A data.table containing 1000 observations of 11 variables

Details


Perturbation table

Description

A data set containing the rules to apply cell key perturbation with a threshold of 10, and rounding to base 5. In other words, counts less than 10 will be removed, and all others will be rounded to the nearest 5.

Usage

data(ptable_10_5)

Format

A data.table containing 192000 observations of 3 variables

Details


Validate Inputs Before Perturbation

Description

Validates inputs for a perturbation process.

Usage

validate_inputs(data, ptable, geog, tab_vars, record_key, threshold)

Arguments

data

A data.table containing the data to be tabulated and perturbed

The data should contain one row per statistical unit (person, household, business or other) and one column per variable (age, sex, health status)

ptable

A data.table containing the ptable file which determines when perturbation is applied.

geog

A ⁠character vector⁠ giving the column name in data that contains the desired geography level for the frequency table. This can be an empty vector, c(), if no geography level is required.

tab_vars

A ⁠character vector⁠ giving the column names in data of the variables to be tabulated. This can be an empty vector, c(), provided a geography level is supplied.

record_key

A character containing the column name in data giving the record keys required for perturbation. If data contains "ons_id" and use_existing_ons_id = TRUE, set (record_key = NULL), as record key will be generated from "ons_id".

threshold

An integer specifying the value below which counts are suppressed, with a default value of 10.

Value

Invisibly returns TRUE on success. Throws stop or Warning messages if any validation fails.

Examples

if (requireNamespace("data.table", quietly = TRUE)) {
  data.table::setDTthreads(1)
}
validate_inputs(data = micro,
                ptable = ptable_10_5,
                record_key = "record_key",
                geog = c("var1"),
                tab_vars = c("var5","var8"),
                threshold = 10)

Validate Inputs Before Perturbation using BigQuery

Description

Validates BigQuery inputs for a perturbation process.

Usage

validate_inputs_bigquery(
  con,
  data,
  ptable,
  geog,
  tab_vars,
  record_key,
  use_existing_ons_id,
  threshold
)

Arguments

con

DBIConnection.

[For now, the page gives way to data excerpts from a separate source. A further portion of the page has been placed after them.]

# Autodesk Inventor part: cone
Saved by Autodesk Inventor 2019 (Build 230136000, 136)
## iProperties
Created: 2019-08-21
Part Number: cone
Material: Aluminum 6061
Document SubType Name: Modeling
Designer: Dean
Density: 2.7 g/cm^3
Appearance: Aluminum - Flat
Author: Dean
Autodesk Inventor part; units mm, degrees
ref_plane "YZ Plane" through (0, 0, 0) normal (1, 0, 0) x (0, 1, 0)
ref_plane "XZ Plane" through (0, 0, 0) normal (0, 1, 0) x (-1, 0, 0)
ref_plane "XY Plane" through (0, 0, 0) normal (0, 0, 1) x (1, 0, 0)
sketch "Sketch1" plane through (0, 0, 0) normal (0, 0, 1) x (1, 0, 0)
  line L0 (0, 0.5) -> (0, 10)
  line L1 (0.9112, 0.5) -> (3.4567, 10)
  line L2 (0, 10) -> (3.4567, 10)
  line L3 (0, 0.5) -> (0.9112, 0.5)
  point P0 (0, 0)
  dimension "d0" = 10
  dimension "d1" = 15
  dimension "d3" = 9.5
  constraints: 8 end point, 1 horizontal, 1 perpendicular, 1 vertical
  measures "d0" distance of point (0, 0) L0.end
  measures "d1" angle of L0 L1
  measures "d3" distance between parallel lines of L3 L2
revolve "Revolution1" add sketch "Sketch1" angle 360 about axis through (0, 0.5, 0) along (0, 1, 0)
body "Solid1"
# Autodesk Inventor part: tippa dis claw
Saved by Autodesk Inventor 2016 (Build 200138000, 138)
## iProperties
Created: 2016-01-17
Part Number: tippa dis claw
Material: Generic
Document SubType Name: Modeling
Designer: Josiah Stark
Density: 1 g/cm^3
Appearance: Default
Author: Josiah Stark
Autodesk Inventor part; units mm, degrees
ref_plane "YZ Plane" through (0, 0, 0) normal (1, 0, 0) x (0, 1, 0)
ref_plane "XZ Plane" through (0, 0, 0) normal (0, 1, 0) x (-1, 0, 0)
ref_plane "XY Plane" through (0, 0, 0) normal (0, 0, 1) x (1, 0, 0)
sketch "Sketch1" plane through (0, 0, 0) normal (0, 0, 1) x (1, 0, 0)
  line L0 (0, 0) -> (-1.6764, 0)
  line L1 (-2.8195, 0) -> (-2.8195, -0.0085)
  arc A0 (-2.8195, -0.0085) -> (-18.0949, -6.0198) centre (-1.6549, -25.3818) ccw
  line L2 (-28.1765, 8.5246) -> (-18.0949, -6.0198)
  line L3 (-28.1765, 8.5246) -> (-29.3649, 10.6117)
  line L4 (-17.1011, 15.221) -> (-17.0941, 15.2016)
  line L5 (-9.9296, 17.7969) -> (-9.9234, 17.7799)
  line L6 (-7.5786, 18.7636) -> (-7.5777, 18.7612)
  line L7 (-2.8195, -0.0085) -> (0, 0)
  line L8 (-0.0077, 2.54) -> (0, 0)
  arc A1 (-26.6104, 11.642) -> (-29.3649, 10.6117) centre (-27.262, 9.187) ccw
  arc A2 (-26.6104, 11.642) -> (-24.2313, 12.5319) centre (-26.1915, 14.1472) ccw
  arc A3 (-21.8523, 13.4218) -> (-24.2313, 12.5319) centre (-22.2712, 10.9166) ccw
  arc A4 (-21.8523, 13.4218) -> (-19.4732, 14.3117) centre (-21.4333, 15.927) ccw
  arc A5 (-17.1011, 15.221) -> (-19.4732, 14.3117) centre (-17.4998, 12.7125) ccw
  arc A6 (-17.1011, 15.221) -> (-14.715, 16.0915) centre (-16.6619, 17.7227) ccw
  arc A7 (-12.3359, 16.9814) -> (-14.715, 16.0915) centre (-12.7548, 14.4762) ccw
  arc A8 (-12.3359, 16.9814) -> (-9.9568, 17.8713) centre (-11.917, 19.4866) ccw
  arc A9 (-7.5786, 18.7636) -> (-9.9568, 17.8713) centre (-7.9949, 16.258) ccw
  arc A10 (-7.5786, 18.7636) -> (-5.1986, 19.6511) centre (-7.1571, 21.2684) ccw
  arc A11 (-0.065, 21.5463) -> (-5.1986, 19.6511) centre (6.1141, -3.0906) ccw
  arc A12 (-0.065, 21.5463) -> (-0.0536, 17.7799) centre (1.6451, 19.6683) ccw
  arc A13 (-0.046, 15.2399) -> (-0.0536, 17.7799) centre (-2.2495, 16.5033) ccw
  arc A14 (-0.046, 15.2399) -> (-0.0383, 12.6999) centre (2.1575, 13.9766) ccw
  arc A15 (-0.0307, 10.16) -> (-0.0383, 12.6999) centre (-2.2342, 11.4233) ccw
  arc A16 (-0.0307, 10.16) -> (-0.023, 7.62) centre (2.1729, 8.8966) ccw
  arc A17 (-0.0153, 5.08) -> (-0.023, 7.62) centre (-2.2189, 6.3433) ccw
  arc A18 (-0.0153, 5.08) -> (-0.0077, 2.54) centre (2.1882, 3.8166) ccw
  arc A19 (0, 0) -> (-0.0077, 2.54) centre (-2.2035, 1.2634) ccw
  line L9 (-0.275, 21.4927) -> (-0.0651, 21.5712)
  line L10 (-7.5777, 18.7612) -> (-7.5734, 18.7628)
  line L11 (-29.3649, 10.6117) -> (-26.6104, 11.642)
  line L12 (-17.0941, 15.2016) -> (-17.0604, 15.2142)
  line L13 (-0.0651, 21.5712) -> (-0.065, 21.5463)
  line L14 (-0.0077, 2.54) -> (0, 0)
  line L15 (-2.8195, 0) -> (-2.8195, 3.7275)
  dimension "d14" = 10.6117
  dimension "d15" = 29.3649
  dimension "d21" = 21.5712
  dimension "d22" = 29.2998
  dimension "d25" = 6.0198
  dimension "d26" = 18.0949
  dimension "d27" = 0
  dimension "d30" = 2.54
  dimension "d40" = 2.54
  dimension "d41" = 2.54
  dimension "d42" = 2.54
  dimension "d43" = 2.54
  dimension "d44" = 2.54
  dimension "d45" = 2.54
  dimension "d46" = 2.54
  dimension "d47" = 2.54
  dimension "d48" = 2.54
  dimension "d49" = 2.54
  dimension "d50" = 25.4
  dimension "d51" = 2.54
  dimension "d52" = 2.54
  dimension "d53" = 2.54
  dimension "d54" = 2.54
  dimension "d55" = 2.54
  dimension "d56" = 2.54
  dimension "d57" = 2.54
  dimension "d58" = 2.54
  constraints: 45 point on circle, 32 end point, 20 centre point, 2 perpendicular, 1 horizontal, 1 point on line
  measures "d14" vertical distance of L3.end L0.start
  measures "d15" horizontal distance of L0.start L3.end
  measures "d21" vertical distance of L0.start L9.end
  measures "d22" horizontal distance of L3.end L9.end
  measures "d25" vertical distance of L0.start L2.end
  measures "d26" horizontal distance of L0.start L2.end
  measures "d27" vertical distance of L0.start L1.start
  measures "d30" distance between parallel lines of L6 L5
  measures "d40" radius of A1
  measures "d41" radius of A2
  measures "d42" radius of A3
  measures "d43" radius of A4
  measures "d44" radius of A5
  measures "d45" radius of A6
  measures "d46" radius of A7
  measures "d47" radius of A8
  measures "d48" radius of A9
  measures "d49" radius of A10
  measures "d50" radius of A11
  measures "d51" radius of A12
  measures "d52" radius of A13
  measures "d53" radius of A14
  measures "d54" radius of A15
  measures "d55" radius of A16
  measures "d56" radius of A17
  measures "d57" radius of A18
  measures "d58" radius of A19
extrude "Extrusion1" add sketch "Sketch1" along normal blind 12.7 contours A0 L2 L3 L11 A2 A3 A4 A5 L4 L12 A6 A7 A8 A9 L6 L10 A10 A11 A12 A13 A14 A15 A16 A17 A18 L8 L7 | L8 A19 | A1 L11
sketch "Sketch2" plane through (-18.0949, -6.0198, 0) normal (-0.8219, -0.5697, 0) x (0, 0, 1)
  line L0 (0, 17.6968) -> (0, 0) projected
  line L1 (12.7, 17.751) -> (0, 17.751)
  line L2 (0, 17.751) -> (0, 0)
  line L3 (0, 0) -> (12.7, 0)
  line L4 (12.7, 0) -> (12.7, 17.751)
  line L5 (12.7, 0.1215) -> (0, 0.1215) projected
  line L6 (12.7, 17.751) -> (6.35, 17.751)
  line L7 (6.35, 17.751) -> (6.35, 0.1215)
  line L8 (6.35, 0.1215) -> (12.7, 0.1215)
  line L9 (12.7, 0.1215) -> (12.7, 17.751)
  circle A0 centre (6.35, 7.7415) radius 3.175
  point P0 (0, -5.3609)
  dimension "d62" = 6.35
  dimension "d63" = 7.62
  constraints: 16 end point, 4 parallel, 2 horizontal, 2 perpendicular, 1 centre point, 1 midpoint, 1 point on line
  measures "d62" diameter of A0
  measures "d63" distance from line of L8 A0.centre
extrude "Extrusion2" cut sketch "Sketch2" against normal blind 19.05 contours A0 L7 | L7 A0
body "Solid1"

An active BigQuery connection created with DBI::dbConnect()

data

character. BigQuery table name for microdata in full format: "<PROJECT>.<DATASET>.<TABLE>". One row per statistical unit (person, household, business, etc.), and one column per variable (e.g. age, sex, health status)

ptable

character. BigQuery table name for the p-table in full format: "<PROJECT>.<DATASET>.<TABLE>".

geog

⁠character vector⁠. Column name containing the desired geography level for the frequency table. e.g., c("Region") or c("LocalAuthority"). Use c() if no geography breakdown required.

tab_vars

⁠character vector⁠. Column names to tabulate, e.g., c("Age", "Health", "Occupation").

record_key

character. Column name with record keys required for perturbation, e.g., "Record_Key". If data contains "ons_id" and use_existing_ons_id = TRUE, set (record_key = NULL), as record key will be generated from "ons_id".

use_existing_ons_id

logical Whether to create record keys from ons_id, if ons_id exists in data. It will be irrelevant if microdata does not contain ons_id. Default is TRUE.

threshold

integer. Suppression threshold; perturbed counts below this value are suppressed. Default 10.

Value

Invisibly returns TRUE on success. Throws stop or Warning messages if any validation fails.